Inonilomab for Children with Steroid-Refractory Acute Graft-Versus-Host Disease : A Nationale Multicenter Phase II Retrospective Analysis

One hundred twenty-three children from 6 French centers were evaluated retrospectively for the treatment of steroid-refractory acute graft-versus-host disease (aGVHD) with Inolimomab, a murine anti-IL2R.

Hematopoietic stem cell transplantations (HSCT) were performed between 1995 and 2012. Diseases were non malignant inherited diseases (63%) and hematological malignancies (37%). Median age was 4, 3 years. Donors were MRD (27.5%), MUD (32%), mismatch-MUD (13%), Haplo-identical (20.5%) and Cord Blood (CB) (7%).

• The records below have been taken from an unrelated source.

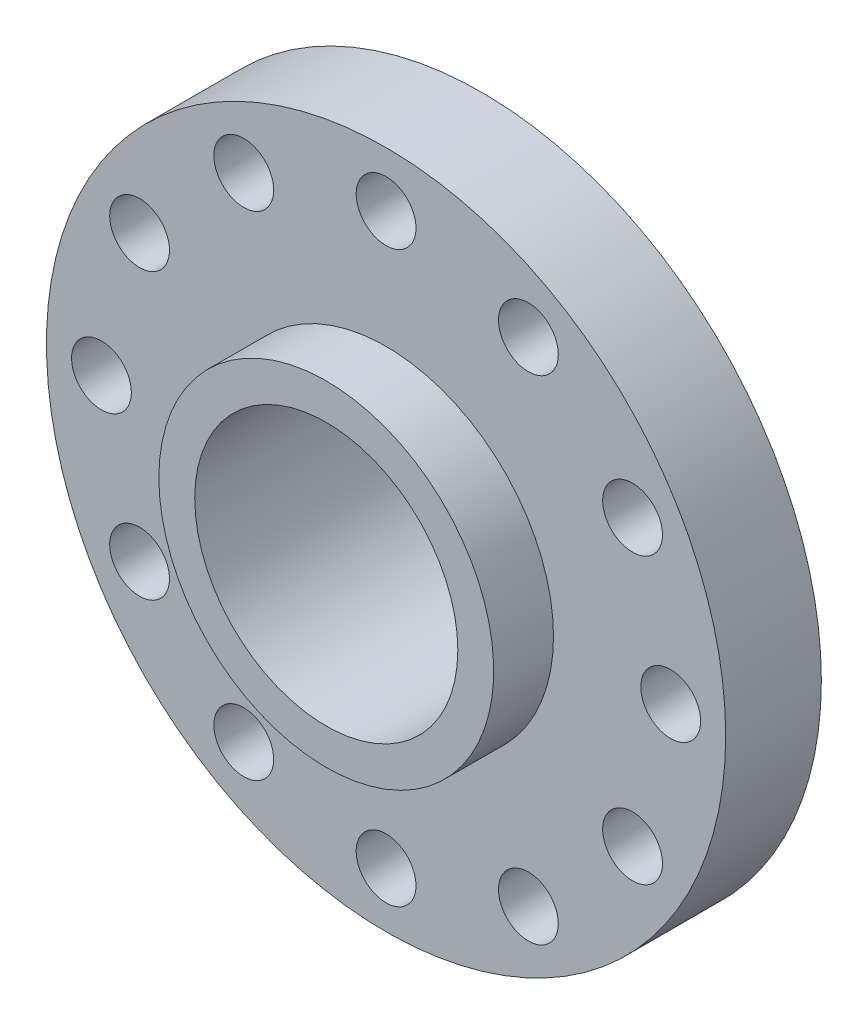
ISO-10303-21;
HEADER;
FILE_DESCRIPTION(('STEP AP214'),'2;1');
FILE_NAME('part.step','',(''),(''),'','','');
FILE_SCHEMA(('AUTOMOTIVE_DESIGN { 1 0 10303 214 1 1 1 1 }'));
ENDSEC;
DATA;
#1=APPLICATION_CONTEXT('core data for automotive mechanical design processes');
#2=APPLICATION_PROTOCOL_DEFINITION('international standard','automotive_design',2000,#1);
#3=PRODUCT_CONTEXT('',#1,'mechanical');
#4=PRODUCT('Part','Part','',(#3));
#5=PRODUCT_RELATED_PRODUCT_CATEGORY('part','',(#4));
#6=PRODUCT_DEFINITION_FORMATION('','',#4);
#7=PRODUCT_DEFINITION_CONTEXT('part definition',#1,'design');
#8=PRODUCT_DEFINITION('design','',#6,#7);
#9=PRODUCT_DEFINITION_SHAPE('','',#8);
#10=(LENGTH_UNIT() NAMED_UNIT(*) SI_UNIT(.MILLI.,.METRE.));
#11=(NAMED_UNIT(*) PLANE_ANGLE_UNIT() SI_UNIT($,.RADIAN.));
#12=(NAMED_UNIT(*) SI_UNIT($,.STERADIAN.) SOLID_ANGLE_UNIT());
#13=UNCERTAINTY_MEASURE_WITH_UNIT(LENGTH_MEASURE(1.E-05),#10,'distance_accuracy_value','');
#14=(GEOMETRIC_REPRESENTATION_CONTEXT(3) GLOBAL_UNCERTAINTY_ASSIGNED_CONTEXT((#13)) GLOBAL_UNIT_ASSIGNED_CONTEXT((#10,
#11,#12)) REPRESENTATION_CONTEXT('',''));
#15=CARTESIAN_POINT('',(0.,0.,0.));
#16=DIRECTION('',(0.,0.,1.));
#17=DIRECTION('',(1.,0.,0.));
#18=AXIS2_PLACEMENT_3D('',#15,#16,#17);
#19=CARTESIAN_POINT('',(0.,0.,4.96));
#20=DIRECTION('',(0.,0.,1.));
#21=DIRECTION('',(1.,0.,0.));
#22=AXIS2_PLACEMENT_3D('',#19,#20,#21);
#23=PLANE('',#22);
#24=CARTESIAN_POINT('',(2.85600000000004,4.94673710641669,4.96));
#25=DIRECTION('',(0.,0.,1.));
#26=DIRECTION('',(1.,0.,0.));
#27=AXIS2_PLACEMENT_3D('',#24,#25,#26);
#28=CIRCLE('',#27,0.6);
#29=CARTESIAN_POINT('',(3.45600000000004,4.94673710641669,4.96));
#30=VERTEX_POINT('',#29);
#31=EDGE_CURVE('E80',#30,#30,#28,.T.);
#32=ORIENTED_EDGE('',*,*,#31,.F.);
#33=EDGE_LOOP('',(#32));
#34=FACE_BOUND('',#33,.T.);
#35=CARTESIAN_POINT('',(4.94673710641674,2.85599999999995,4.96));
#36=DIRECTION('',(0.,0.,1.));
#37=DIRECTION('',(1.,0.,0.));
#38=AXIS2_PLACEMENT_3D('',#35,#36,#37);
#39=CIRCLE('',#38,0.6);
#40=CARTESIAN_POINT('',(5.54673710641674,2.85599999999995,4.96));
#41=VERTEX_POINT('',#40);
#42=EDGE_CURVE('E83',#41,#41,#39,.T.);
#43=ORIENTED_EDGE('',*,*,#42,.F.);
#44=EDGE_LOOP('',(#43));
#45=FACE_BOUND('',#44,.T.);
#46=CARTESIAN_POINT('',(5.712,0.,4.96));
#47=DIRECTION('',(0.,0.,1.));
#48=DIRECTION('',(1.,0.,0.));
#49=AXIS2_PLACEMENT_3D('',#46,#47,#48);
#50=CIRCLE('',#49,0.6);
#51=CARTESIAN_POINT('',(6.312,0.,4.96));
#52=VERTEX_POINT('',#51);
#53=EDGE_CURVE('E86',#52,#52,#50,.T.);
#54=ORIENTED_EDGE('',*,*,#53,.F.);
#55=EDGE_LOOP('',(#54));
#56=FACE_BOUND('',#55,.T.);
#57=CARTESIAN_POINT('',(4.94673710641668,-2.85600000000006,4.96));
#58=DIRECTION('',(0.,0.,1.));
#59=DIRECTION('',(1.,0.,0.));
#60=AXIS2_PLACEMENT_3D('',#57,#58,#59);
#61=CIRCLE('',#60,0.6);
#62=CARTESIAN_POINT('',(5.54673710641668,-2.85600000000006,4.96));
#63=VERTEX_POINT('',#62);
#64=EDGE_CURVE('E89',#63,#63,#61,.T.);
#65=ORIENTED_EDGE('',*,*,#64,.F.);
#66=EDGE_LOOP('',(#65));
#67=FACE_BOUND('',#66,.T.);
#68=CARTESIAN_POINT('',(2.85599999999997,-4.94673710641673,4.96));
#69=DIRECTION('',(0.,0.,1.));
#70=DIRECTION('',(1.,0.,0.));
#71=AXIS2_PLACEMENT_3D('',#68,#69,#70);
#72=CIRCLE('',#71,0.6);
#73=CARTESIAN_POINT('',(3.45599999999997,-4.94673710641673,4.96));
#74=VERTEX_POINT('',#73);
#75=EDGE_CURVE('E92',#74,#74,#72,.T.);
#76=ORIENTED_EDGE('',*,*,#75,.F.);
#77=EDGE_LOOP('',(#76));
#78=FACE_BOUND('',#77,.T.);
#79=CARTESIAN_POINT('',(0.,-5.712,4.96));
#80=DIRECTION('',(0.,0.,1.));
#81=DIRECTION('',(1.,0.,0.));
#82=AXIS2_PLACEMENT_3D('',#79,#80,#81);
#83=CIRCLE('',#82,0.6);
#84=CARTESIAN_POINT('',(0.599999999999921,-5.712,4.96));
#85=VERTEX_POINT('',#84);
#86=EDGE_CURVE('E95',#85,#85,#83,.T.);
#87=ORIENTED_EDGE('',*,*,#86,.F.);
#88=EDGE_LOOP('',(#87));
#89=FACE_BOUND('',#88,.T.);
#90=CARTESIAN_POINT('',(-2.85600000000007,-4.94673710641667,4.96));
#91=DIRECTION('',(0.,0.,1.));
#92=DIRECTION('',(1.,0.,0.));
#93=AXIS2_PLACEMENT_3D('',#90,#91,#92);
#94=CIRCLE('',#93,0.6);
#95=CARTESIAN_POINT('',(-2.25600000000007,-4.94673710641667,4.96));
#96=VERTEX_POINT('',#95);
#97=EDGE_CURVE('E98',#96,#96,#94,.T.);
#98=ORIENTED_EDGE('',*,*,#97,.F.);
#99=EDGE_LOOP('',(#98));
#100=FACE_BOUND('',#99,.T.);
#101=CARTESIAN_POINT('',(-4.94673710641676,-2.85599999999992,4.96));
#102=DIRECTION('',(0.,0.,1.));
#103=DIRECTION('',(1.,0.,0.));
#104=AXIS2_PLACEMENT_3D('',#101,#102,#103);
#105=CIRCLE('',#104,0.6);
#106=CARTESIAN_POINT('',(-4.34673710641676,-2.85599999999992,4.96));
#107=VERTEX_POINT('',#106);
#108=EDGE_CURVE('E101',#107,#107,#105,.T.);
#109=ORIENTED_EDGE('',*,*,#108,.F.);
#110=EDGE_LOOP('',(#109));
#111=FACE_BOUND('',#110,.T.);
#112=CARTESIAN_POINT('',(-5.712,0.,4.96));
#113=DIRECTION('',(0.,0.,1.));
#114=DIRECTION('',(1.,0.,0.));
#115=AXIS2_PLACEMENT_3D('',#112,#113,#114);
#116=CIRCLE('',#115,0.6);
#117=CARTESIAN_POINT('',(-5.112,0.,4.96));
#118=VERTEX_POINT('',#117);
#119=EDGE_CURVE('E104',#118,#118,#116,.T.);
#120=ORIENTED_EDGE('',*,*,#119,.F.);
#121=EDGE_LOOP('',(#120));
#122=FACE_BOUND('',#121,.T.);
#123=CARTESIAN_POINT('',(-4.94673710641666,2.85600000000009,4.96));
#124=DIRECTION('',(0.,0.,1.));
#125=DIRECTION('',(1.,0.,0.));
#126=AXIS2_PLACEMENT_3D('',#123,#124,#125);
#127=CIRCLE('',#126,0.6);
#128=CARTESIAN_POINT('',(-4.34673710641666,2.85600000000009,4.96));
#129=VERTEX_POINT('',#128);
#130=EDGE_CURVE('E107',#129,#129,#127,.T.);
#131=ORIENTED_EDGE('',*,*,#130,.F.);
#132=EDGE_LOOP('',(#131));
#133=FACE_BOUND('',#132,.T.);
#134=CARTESIAN_POINT('',(0.,5.712,4.96));
#135=DIRECTION('',(0.,0.,1.));
#136=DIRECTION('',(1.,0.,0.));
#137=AXIS2_PLACEMENT_3D('',#134,#135,#136);
#138=CIRCLE('',#137,0.6);
#139=CARTESIAN_POINT('',(0.600000000000044,5.712,4.96));
#140=VERTEX_POINT('',#139);
#141=EDGE_CURVE('E74',#140,#140,#138,.T.);
#142=ORIENTED_EDGE('',*,*,#141,.F.);
#143=EDGE_LOOP('',(#142));
#144=FACE_BOUND('',#143,.T.);
#145=CARTESIAN_POINT('',(-2.85599999999997,4.94673710641673,4.96));
#146=DIRECTION('',(0.,0.,1.));
#147=DIRECTION('',(1.,0.,0.));
#148=AXIS2_PLACEMENT_3D('',#145,#146,#147);
#149=CIRCLE('',#148,0.6);
#150=CARTESIAN_POINT('',(-2.25599999999997,4.94673710641673,4.96));
#151=VERTEX_POINT('',#150);
#152=EDGE_CURVE('E68',#151,#151,#149,.T.);
#153=ORIENTED_EDGE('',*,*,#152,.F.);
#154=EDGE_LOOP('',(#153));
#155=FACE_BOUND('',#154,.T.);
#156=CARTESIAN_POINT('',(0.,0.,4.96));
#157=DIRECTION('',(0.,0.,1.));
#158=DIRECTION('',(1.,0.,0.));
#159=AXIS2_PLACEMENT_3D('',#156,#157,#158);
#160=CIRCLE('',#159,3.36);
#161=CARTESIAN_POINT('',(3.36,0.,4.96));
#162=VERTEX_POINT('',#161);
#163=EDGE_CURVE('E10',#162,#162,#160,.T.);
#164=ORIENTED_EDGE('',*,*,#163,.F.);
#165=EDGE_LOOP('',(#164));
#166=FACE_BOUND('',#165,.T.);
#167=CARTESIAN_POINT('',(0.,0.,4.96));
#168=DIRECTION('',(0.,0.,1.));
#169=DIRECTION('',(1.,0.,0.));
#170=AXIS2_PLACEMENT_3D('',#167,#168,#169);
#171=CIRCLE('',#170,6.816);
#172=CARTESIAN_POINT('',(6.816,0.,4.96));
#173=VERTEX_POINT('',#172);
#174=EDGE_CURVE('E47',#173,#173,#171,.T.);
#175=ORIENTED_EDGE('',*,*,#174,.T.);
#176=EDGE_LOOP('',(#175));
#177=FACE_BOUND('',#176,.T.);
#178=ADVANCED_FACE('F36',(#34,#45,#56,#67,#78,#89,#100,#111,#122,#133,#144,#155,#166,#177),#23,.T.);
#179=CARTESIAN_POINT('',(0.,0.,3.04));
#180=DIRECTION('',(0.,0.,1.));
#181=DIRECTION('',(1.,0.,0.));
#182=AXIS2_PLACEMENT_3D('',#179,#180,#181);
#183=PLANE('',#182);
#184=CARTESIAN_POINT('',(2.85600000000004,4.94673710641669,3.04));
#185=DIRECTION('',(0.,0.,-1.));
#186=DIRECTION('',(-0.499999999999998,0.86602540378444,0.));
#187=AXIS2_PLACEMENT_3D('',#184,#185,#186);
#188=CIRCLE('',#187,0.6);
#189=CARTESIAN_POINT('',(2.55600000000005,5.46635234868735,3.04));
#190=VERTEX_POINT('',#189);
#191=EDGE_CURVE('E110',#190,#190,#188,.T.);
#192=ORIENTED_EDGE('',*,*,#191,.F.);
#193=EDGE_LOOP('',(#192));
#194=FACE_BOUND('',#193,.T.);
#195=CARTESIAN_POINT('',(4.94673710641674,2.85599999999995,3.04));
#196=DIRECTION('',(0.,0.,-1.));
#197=DIRECTION('',(0.,1.,0.));
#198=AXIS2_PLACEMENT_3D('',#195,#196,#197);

The graft source was BM (80%), PBSC (12%) and CB (8%). 37% patients had a myeloablative conditioning. The median time to aGVHD was 13 days after HSCT. The baseline grade of aGVHD was I in 19%, II 45.5%, III 25% and IV 10.5%. The median delay between aGVHD and Inolimomab was 16 days. The median dose was 0.4mg/kg and the median treatment duration of 27 days.

We observe 55% complete responses and 14% partial responses for a total response rate of 69% and with no side effect. Among the responders, 26% relapse. Incidence of infection during treatment was 19.5%.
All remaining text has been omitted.